Of course, sometimes maximum fidelity is called for. Plain old Hotspotting is good, but adding effects and animations to Events is the proverbial cake icing. Switching from Photoshop to a prototyping tool gives you the freedom to dictate much more, from event triggers – a click, or a mouse hover – to actions, such as a page or style change. The ability to define conditions for every interaction enables you to create a prototype that runs certain actions at certain times during simulation – user testing at the prototyping stage becomes possible with this kind of functionality.
Animations and events
It’s been a long while since websites were purely static affairs, and the mobile experience is even more dynamic.
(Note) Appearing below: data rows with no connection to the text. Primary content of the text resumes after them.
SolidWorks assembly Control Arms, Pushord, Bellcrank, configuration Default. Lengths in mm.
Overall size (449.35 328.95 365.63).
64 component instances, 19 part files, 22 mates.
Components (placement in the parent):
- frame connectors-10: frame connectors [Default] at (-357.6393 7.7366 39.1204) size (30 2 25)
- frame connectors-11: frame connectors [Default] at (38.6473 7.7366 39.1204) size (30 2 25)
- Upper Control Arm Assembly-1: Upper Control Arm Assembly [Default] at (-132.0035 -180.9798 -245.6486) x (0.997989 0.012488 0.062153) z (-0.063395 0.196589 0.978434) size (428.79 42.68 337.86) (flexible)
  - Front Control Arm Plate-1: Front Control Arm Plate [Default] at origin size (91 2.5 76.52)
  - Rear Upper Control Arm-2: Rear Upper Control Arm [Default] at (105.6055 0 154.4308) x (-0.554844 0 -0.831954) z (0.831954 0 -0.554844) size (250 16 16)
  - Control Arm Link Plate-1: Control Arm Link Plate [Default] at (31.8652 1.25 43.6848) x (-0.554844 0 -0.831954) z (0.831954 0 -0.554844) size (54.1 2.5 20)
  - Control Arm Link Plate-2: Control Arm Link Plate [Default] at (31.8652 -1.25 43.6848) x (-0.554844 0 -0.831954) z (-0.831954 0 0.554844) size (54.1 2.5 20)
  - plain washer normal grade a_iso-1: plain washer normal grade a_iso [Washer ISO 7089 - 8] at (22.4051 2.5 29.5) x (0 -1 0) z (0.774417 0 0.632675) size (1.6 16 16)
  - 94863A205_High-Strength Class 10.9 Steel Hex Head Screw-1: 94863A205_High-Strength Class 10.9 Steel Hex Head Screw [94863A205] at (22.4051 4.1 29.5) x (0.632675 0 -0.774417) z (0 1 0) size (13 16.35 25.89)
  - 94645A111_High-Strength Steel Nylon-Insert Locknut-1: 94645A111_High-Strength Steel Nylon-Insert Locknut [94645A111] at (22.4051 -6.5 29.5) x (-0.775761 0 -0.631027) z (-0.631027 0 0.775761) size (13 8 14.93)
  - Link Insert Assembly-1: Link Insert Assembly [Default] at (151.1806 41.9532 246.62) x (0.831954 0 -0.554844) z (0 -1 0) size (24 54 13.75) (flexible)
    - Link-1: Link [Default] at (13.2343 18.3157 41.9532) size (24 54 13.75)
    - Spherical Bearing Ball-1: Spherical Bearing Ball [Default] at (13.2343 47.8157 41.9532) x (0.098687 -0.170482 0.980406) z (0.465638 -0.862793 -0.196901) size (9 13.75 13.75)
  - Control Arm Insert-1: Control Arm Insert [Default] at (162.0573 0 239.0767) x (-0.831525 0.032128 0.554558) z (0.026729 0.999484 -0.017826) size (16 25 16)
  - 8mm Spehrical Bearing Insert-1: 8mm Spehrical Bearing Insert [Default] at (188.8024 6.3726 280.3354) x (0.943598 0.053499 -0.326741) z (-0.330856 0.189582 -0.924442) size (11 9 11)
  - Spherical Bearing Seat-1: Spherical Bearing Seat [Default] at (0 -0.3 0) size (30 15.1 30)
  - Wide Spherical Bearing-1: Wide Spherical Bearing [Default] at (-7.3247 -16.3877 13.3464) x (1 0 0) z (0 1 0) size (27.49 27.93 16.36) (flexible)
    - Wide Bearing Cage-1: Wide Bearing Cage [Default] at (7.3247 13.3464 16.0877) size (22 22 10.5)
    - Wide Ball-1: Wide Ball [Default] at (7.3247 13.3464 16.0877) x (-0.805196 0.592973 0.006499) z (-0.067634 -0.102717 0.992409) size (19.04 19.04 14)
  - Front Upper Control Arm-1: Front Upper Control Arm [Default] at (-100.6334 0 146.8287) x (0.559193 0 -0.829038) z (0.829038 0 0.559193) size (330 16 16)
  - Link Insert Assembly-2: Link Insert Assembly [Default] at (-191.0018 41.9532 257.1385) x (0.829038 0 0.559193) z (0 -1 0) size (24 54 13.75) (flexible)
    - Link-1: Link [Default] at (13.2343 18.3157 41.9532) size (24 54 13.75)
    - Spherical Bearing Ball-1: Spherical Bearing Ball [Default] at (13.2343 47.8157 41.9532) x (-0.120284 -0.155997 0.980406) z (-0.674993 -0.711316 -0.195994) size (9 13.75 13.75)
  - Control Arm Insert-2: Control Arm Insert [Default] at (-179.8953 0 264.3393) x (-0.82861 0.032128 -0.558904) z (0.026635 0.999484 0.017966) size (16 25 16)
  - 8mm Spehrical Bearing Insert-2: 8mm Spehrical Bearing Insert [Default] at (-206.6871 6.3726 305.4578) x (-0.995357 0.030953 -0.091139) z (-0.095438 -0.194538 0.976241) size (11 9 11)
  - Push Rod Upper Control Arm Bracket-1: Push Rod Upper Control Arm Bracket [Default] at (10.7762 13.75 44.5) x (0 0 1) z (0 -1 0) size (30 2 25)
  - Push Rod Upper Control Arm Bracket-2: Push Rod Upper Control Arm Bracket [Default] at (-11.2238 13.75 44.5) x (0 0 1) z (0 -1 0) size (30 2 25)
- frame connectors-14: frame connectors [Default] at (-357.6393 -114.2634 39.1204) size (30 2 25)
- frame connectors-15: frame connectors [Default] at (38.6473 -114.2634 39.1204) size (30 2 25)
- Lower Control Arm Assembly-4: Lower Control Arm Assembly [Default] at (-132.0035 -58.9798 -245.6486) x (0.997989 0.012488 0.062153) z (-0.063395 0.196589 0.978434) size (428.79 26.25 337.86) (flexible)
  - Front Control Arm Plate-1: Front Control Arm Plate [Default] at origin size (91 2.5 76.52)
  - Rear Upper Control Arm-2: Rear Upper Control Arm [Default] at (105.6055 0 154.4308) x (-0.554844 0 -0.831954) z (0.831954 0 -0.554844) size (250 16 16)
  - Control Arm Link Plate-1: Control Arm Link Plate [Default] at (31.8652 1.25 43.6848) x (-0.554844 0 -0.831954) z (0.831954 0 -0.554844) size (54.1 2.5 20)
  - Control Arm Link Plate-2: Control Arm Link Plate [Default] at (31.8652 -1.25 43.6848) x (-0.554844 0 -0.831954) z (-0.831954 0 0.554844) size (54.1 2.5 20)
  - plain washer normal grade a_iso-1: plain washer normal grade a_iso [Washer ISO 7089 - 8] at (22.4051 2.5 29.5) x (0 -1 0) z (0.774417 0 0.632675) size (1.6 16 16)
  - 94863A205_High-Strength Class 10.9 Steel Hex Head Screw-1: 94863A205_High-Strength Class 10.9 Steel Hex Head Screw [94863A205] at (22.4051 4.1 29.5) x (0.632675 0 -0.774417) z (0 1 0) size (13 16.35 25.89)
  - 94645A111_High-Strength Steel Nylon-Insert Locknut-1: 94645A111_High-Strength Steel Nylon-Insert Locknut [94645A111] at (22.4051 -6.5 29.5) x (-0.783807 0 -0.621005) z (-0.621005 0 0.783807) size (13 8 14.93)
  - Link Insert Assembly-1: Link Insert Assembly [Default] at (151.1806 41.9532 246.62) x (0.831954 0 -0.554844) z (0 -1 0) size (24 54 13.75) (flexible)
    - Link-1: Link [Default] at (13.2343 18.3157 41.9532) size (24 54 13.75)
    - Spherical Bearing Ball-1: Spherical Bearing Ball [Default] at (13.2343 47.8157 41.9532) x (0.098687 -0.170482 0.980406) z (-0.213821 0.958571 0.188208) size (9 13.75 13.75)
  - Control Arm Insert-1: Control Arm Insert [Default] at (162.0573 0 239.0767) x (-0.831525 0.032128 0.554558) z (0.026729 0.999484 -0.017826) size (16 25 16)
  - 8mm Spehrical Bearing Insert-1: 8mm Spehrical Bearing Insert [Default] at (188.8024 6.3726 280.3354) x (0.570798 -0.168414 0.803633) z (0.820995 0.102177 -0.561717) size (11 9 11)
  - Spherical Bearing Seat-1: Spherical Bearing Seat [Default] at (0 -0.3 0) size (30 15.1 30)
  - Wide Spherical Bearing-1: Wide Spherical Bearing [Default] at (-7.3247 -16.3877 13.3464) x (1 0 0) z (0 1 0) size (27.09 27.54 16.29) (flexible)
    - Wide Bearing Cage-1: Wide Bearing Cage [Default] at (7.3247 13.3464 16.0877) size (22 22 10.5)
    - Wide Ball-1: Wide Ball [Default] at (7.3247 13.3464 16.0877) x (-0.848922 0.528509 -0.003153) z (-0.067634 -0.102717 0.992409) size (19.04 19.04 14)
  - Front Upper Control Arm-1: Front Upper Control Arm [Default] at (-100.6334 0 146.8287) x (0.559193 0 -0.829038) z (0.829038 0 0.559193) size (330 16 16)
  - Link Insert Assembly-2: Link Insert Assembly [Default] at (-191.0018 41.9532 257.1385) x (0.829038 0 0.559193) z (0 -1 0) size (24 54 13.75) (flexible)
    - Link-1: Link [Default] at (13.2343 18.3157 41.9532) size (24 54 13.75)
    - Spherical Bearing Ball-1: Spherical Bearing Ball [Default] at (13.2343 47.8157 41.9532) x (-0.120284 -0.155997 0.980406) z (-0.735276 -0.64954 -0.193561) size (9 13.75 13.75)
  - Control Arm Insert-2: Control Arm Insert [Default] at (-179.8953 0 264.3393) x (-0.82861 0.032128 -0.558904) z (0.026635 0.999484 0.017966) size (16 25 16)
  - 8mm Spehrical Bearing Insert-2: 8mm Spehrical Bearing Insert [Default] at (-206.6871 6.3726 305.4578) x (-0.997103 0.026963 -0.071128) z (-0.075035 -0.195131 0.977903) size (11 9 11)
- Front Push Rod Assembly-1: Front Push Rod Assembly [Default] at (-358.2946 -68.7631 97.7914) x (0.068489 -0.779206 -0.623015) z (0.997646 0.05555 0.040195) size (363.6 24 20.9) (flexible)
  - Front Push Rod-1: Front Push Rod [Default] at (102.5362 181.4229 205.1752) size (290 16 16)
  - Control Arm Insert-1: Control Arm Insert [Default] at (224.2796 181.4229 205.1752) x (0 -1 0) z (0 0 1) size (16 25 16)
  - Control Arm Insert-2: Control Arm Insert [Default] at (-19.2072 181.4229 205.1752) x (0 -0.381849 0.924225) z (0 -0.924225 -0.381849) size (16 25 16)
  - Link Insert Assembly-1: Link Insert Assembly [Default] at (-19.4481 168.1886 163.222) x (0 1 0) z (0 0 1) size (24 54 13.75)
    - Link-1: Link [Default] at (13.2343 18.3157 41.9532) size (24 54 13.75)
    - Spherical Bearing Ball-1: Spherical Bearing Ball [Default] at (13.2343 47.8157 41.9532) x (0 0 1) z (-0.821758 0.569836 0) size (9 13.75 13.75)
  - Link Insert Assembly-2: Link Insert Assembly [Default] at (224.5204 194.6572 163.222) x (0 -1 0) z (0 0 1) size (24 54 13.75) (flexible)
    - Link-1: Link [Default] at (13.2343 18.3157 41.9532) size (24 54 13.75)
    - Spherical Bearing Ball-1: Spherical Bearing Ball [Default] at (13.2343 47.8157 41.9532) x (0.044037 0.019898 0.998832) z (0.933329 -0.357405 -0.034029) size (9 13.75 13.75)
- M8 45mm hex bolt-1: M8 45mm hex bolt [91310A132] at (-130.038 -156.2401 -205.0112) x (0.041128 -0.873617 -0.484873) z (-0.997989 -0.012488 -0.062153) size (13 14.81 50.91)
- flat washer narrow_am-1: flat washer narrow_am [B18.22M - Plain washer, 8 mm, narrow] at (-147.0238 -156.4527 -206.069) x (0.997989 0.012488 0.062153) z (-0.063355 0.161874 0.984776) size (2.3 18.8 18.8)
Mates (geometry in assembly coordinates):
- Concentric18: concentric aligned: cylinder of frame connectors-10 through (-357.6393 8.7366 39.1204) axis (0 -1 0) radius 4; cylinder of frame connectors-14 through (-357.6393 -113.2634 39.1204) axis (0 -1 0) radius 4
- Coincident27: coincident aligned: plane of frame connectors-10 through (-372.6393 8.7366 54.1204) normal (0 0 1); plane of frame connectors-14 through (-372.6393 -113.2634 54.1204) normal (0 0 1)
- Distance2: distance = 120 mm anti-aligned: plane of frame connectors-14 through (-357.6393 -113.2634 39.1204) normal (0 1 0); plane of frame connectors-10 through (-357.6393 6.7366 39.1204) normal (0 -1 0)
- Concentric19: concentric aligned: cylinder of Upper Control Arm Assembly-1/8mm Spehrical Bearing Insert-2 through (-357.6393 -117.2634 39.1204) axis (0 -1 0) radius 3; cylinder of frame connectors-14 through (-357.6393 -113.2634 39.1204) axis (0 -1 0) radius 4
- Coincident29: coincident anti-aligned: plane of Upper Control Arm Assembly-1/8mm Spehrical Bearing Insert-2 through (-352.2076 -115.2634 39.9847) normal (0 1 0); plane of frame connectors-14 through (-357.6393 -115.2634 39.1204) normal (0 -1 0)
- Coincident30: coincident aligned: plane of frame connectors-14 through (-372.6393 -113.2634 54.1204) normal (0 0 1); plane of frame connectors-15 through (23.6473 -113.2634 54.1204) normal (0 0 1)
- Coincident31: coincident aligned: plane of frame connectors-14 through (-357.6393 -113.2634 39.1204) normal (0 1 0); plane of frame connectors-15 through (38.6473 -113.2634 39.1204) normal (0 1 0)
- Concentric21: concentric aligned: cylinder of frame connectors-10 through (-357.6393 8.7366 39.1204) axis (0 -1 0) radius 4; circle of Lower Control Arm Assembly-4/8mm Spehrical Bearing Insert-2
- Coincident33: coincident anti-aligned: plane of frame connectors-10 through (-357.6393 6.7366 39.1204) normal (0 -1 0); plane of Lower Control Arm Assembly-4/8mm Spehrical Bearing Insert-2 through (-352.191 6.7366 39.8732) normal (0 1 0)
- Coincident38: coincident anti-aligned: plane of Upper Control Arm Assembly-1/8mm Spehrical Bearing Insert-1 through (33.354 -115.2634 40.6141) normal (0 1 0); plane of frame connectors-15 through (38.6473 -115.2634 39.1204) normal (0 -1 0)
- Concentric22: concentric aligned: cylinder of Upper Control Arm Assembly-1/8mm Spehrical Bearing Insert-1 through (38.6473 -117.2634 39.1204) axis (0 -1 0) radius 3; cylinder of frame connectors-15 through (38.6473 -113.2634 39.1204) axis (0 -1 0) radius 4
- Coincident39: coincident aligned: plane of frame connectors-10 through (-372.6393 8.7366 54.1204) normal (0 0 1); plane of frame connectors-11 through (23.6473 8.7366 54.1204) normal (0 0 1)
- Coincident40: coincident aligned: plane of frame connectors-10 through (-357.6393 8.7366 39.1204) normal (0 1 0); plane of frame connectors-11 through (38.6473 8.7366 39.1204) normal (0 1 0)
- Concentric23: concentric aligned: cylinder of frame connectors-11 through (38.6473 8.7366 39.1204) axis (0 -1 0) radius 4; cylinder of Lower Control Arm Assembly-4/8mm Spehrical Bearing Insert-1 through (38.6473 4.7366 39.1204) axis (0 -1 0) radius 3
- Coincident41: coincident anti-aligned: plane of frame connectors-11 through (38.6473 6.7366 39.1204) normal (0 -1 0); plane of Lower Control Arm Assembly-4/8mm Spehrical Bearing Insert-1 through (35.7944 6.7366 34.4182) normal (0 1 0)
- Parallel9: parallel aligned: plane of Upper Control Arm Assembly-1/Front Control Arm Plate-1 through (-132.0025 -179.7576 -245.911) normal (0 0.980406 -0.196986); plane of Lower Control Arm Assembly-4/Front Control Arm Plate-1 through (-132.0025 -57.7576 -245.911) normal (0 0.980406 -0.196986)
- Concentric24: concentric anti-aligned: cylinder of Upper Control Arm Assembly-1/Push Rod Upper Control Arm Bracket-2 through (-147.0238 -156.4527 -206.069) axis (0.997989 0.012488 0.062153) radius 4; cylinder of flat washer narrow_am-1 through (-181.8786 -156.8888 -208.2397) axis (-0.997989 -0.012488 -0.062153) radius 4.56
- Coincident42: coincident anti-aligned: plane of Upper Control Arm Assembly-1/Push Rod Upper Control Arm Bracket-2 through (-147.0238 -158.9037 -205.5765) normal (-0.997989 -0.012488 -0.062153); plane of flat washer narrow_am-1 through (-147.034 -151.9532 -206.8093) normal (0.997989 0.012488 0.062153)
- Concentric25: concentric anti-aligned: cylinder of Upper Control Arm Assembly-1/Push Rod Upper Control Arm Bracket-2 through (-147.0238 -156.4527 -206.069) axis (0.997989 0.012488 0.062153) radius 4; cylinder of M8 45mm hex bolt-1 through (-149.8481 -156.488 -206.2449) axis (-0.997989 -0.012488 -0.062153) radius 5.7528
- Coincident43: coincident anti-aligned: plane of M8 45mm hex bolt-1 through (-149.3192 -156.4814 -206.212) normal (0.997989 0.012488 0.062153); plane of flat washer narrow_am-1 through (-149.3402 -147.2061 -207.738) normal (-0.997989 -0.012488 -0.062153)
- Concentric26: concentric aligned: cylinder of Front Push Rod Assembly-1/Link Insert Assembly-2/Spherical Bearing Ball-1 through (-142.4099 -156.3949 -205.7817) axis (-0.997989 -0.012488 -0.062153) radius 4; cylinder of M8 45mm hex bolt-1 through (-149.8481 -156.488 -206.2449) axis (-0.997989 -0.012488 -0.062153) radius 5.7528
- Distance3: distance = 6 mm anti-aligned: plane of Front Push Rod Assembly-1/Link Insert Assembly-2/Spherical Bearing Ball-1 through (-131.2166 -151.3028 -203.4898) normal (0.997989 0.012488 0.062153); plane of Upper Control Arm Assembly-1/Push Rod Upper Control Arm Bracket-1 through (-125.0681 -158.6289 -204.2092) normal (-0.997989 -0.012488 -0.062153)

How are you meant to represent that in a PSD mockup? Umm, you can’t. If you need to demonstrate animation in a prototype, you’re better off building with that in mind from the start: choose a tool such as Justinmind that lets you combine advanced animations with your static design files from the start, still without having to switch between tools or write any code. You can play around with the timing, easing and movement of your animation, factors which may be a dealbreaker if you’re designing something that has to be on-trend or brand-exact.
UI elements and kits
Building mockups in Photoshop implies spending time finding or making your own UI elements – icons, screens, etc – to match the specific interface for which you’re designing. If that sounds like a time-suck, it’s because it is. Wireframing tools come equipped with their own stock of UI elements and libraries (Justinmind has hundreds of pre-made UI elements for all interfaces, for example), which are dragged and dropped into the prototypes, and re-used across projects. UI kits, made up of pre-built elements and screens, are a great way to incorporate atomic design principles into prototyped interfaces, and all the icons in the kits are compatible with PSD files, so you won’t lose any elements you made up previously.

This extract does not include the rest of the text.